TASK TO COMPLETE:
Search the entries for the line containing "X10.184 Y13.249 Z92.084". Repeat it, then every line after it, exactly through the final line.

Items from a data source
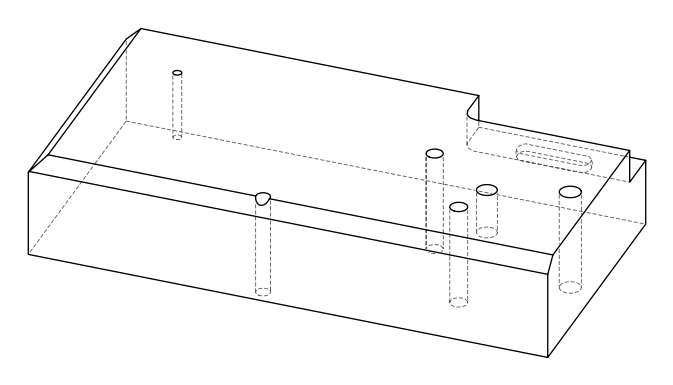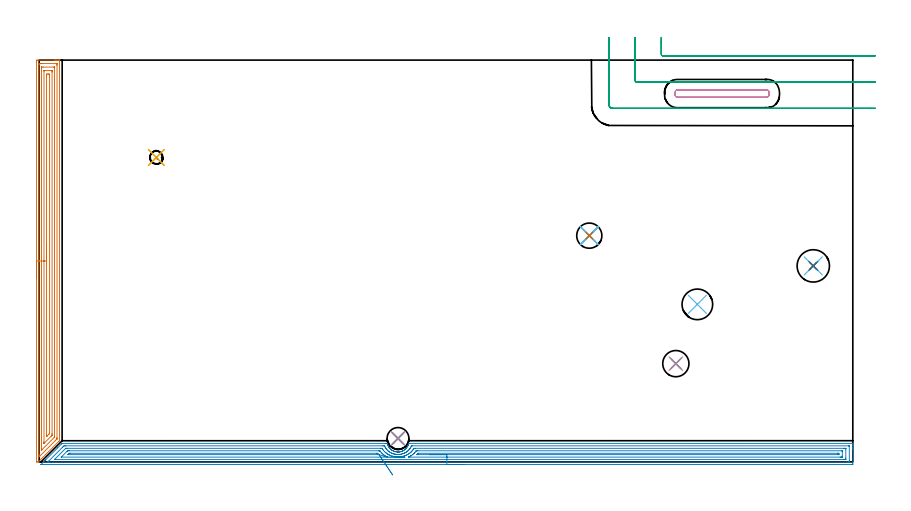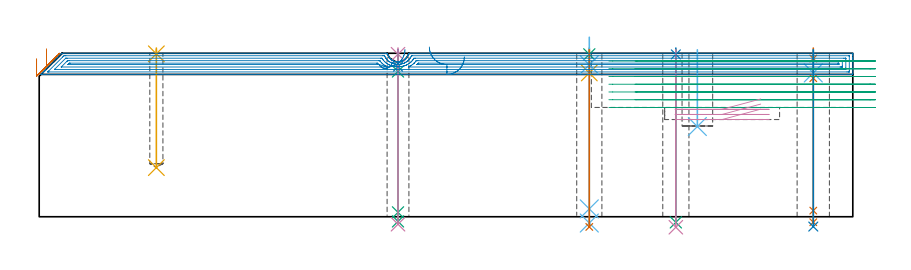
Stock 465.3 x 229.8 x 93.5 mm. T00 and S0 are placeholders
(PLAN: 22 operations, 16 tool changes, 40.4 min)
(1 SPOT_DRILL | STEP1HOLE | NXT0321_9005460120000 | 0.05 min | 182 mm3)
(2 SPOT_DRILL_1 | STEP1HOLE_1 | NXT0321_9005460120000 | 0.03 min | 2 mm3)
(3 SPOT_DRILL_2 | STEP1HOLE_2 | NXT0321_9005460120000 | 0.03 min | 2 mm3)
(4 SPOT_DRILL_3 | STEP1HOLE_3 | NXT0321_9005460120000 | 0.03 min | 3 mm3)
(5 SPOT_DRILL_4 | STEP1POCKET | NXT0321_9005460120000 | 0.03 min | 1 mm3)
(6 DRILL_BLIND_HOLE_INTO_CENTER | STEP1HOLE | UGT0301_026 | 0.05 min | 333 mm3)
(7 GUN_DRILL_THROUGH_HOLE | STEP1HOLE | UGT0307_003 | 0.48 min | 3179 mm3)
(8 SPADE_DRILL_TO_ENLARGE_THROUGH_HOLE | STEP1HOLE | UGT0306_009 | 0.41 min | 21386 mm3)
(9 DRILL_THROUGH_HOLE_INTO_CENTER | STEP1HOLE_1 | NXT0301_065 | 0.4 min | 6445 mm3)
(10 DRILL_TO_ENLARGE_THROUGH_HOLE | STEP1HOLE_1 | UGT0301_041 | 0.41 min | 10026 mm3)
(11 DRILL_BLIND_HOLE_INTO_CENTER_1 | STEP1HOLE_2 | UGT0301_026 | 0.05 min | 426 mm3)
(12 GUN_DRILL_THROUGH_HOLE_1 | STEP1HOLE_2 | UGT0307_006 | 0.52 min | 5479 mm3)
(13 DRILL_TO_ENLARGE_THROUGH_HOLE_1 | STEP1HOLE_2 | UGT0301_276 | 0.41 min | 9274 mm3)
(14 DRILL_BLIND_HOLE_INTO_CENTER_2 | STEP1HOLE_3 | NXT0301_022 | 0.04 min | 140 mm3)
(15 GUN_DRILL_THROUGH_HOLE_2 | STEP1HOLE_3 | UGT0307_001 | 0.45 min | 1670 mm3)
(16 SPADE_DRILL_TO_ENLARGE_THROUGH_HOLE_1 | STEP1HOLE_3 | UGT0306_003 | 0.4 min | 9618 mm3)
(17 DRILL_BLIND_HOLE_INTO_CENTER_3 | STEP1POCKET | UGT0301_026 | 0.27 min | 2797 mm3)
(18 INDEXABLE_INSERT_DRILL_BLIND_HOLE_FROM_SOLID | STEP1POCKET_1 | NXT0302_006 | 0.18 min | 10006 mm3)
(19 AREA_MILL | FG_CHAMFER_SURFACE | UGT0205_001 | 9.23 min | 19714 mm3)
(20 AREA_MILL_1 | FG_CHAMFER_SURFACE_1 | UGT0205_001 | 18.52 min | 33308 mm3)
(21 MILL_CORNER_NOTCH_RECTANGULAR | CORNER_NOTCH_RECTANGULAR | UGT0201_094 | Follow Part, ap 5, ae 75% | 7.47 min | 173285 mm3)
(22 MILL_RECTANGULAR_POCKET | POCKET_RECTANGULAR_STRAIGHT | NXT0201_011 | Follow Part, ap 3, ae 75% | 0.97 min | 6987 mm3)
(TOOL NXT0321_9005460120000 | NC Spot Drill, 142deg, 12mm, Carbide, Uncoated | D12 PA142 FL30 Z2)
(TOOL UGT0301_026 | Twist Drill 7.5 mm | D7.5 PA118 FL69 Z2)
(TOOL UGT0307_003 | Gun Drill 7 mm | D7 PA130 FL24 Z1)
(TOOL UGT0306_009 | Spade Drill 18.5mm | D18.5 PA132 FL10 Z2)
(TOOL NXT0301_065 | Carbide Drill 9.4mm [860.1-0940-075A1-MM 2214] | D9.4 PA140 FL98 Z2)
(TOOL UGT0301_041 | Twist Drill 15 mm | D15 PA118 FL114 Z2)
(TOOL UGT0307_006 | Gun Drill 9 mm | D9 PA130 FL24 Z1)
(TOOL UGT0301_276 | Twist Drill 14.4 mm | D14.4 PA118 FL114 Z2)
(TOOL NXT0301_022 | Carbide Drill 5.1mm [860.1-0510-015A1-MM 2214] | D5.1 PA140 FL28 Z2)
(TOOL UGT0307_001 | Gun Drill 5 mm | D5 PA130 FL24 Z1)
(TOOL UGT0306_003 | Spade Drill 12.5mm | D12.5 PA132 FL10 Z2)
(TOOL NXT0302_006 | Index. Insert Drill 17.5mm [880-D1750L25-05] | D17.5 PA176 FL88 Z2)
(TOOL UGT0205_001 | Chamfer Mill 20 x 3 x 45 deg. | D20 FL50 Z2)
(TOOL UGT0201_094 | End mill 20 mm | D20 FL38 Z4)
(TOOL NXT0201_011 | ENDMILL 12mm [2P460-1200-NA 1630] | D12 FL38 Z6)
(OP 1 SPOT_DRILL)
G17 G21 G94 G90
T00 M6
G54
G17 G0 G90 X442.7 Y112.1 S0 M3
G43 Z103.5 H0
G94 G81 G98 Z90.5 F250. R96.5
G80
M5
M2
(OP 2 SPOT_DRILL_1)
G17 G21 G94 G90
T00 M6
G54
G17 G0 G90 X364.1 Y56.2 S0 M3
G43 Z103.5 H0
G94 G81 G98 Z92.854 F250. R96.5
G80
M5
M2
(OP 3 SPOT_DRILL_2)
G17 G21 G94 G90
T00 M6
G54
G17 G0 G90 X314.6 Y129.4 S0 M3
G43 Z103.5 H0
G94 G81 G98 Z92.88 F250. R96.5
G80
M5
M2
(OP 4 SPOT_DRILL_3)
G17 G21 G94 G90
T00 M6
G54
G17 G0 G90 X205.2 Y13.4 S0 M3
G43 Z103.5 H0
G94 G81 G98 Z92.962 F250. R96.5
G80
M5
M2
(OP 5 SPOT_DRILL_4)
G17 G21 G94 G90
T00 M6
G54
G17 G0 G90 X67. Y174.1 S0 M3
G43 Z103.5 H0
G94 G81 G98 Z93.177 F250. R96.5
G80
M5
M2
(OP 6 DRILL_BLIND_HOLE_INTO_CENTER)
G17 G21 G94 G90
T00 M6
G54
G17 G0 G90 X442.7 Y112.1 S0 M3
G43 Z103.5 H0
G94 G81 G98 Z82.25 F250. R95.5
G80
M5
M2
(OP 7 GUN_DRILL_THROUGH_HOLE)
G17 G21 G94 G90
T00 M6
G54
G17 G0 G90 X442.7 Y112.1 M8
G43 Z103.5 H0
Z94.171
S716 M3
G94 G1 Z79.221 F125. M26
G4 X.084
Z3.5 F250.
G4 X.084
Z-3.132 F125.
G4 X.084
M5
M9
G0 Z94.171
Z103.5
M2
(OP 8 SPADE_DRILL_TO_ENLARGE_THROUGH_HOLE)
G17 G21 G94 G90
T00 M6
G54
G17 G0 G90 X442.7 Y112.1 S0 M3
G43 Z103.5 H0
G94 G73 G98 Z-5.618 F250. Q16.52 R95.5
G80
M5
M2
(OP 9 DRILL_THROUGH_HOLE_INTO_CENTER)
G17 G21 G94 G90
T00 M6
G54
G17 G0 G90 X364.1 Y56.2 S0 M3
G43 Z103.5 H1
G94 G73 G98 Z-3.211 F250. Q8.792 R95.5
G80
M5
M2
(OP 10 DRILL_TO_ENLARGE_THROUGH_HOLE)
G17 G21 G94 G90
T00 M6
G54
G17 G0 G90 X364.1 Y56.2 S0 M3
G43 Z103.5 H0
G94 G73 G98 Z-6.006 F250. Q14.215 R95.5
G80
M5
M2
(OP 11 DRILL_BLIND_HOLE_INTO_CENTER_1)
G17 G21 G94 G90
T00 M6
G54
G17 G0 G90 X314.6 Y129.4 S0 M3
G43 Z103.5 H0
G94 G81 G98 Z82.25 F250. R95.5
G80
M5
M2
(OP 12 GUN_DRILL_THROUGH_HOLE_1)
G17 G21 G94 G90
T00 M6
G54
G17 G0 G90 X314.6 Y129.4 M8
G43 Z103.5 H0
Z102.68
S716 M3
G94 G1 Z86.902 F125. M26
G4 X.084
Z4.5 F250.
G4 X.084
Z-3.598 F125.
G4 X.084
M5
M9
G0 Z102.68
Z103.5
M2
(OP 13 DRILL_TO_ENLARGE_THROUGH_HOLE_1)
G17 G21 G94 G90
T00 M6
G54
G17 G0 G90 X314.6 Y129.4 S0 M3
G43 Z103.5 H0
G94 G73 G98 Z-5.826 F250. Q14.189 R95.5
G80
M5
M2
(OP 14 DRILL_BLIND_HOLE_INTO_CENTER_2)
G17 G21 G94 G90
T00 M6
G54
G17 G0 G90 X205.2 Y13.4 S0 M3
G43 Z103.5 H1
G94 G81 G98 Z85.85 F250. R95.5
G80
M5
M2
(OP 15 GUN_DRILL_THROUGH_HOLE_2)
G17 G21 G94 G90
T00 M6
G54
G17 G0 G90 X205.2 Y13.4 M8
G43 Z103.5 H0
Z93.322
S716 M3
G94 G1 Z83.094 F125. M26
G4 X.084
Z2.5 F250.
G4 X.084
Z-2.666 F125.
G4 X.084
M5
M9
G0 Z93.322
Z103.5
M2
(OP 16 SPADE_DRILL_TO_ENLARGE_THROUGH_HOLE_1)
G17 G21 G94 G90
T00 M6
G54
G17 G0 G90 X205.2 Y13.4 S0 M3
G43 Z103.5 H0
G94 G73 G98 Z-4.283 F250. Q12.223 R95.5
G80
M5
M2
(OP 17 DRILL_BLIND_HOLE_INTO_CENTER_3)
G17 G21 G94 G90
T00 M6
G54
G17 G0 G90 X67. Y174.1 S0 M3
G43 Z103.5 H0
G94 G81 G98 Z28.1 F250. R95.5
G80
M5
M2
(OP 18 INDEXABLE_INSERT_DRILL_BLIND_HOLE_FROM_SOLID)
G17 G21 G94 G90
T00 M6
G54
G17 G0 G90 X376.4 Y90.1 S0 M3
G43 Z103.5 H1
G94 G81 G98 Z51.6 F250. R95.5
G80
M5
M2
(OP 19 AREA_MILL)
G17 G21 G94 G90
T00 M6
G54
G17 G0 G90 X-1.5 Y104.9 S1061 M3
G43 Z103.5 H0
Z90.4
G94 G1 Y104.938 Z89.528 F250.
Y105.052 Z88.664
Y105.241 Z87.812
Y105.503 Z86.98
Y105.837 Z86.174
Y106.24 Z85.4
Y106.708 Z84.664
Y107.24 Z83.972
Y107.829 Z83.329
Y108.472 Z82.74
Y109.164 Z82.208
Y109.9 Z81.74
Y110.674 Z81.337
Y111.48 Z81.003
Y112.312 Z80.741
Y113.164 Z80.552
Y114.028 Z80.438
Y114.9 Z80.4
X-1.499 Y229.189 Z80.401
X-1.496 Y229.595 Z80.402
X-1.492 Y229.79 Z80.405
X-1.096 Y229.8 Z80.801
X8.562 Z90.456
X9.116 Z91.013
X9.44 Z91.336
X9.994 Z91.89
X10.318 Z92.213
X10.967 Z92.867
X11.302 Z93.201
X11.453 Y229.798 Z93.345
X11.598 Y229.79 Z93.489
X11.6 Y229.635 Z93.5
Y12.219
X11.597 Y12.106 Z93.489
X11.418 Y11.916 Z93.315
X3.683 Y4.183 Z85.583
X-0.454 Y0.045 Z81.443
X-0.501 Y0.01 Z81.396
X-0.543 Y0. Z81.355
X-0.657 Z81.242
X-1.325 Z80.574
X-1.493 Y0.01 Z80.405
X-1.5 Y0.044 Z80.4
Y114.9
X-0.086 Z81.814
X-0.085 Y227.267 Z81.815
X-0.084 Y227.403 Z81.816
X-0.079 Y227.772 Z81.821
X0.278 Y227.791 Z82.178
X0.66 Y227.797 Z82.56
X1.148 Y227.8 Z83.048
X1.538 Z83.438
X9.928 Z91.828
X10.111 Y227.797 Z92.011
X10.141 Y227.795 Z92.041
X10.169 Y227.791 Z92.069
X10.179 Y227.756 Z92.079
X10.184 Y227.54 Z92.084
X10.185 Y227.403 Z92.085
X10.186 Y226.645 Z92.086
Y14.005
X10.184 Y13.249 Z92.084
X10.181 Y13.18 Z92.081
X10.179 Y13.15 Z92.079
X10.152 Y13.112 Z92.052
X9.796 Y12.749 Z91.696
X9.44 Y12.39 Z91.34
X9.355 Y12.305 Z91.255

TASK SOLUTION:
X10.184 Y13.249 Z92.084
X10.181 Y13.18 Z92.081
X10.179 Y13.15 Z92.079
X10.152 Y13.112 Z92.052
X9.796 Y12.749 Z91.696
X9.44 Y12.39 Z91.34
X9.355 Y12.305 Z91.255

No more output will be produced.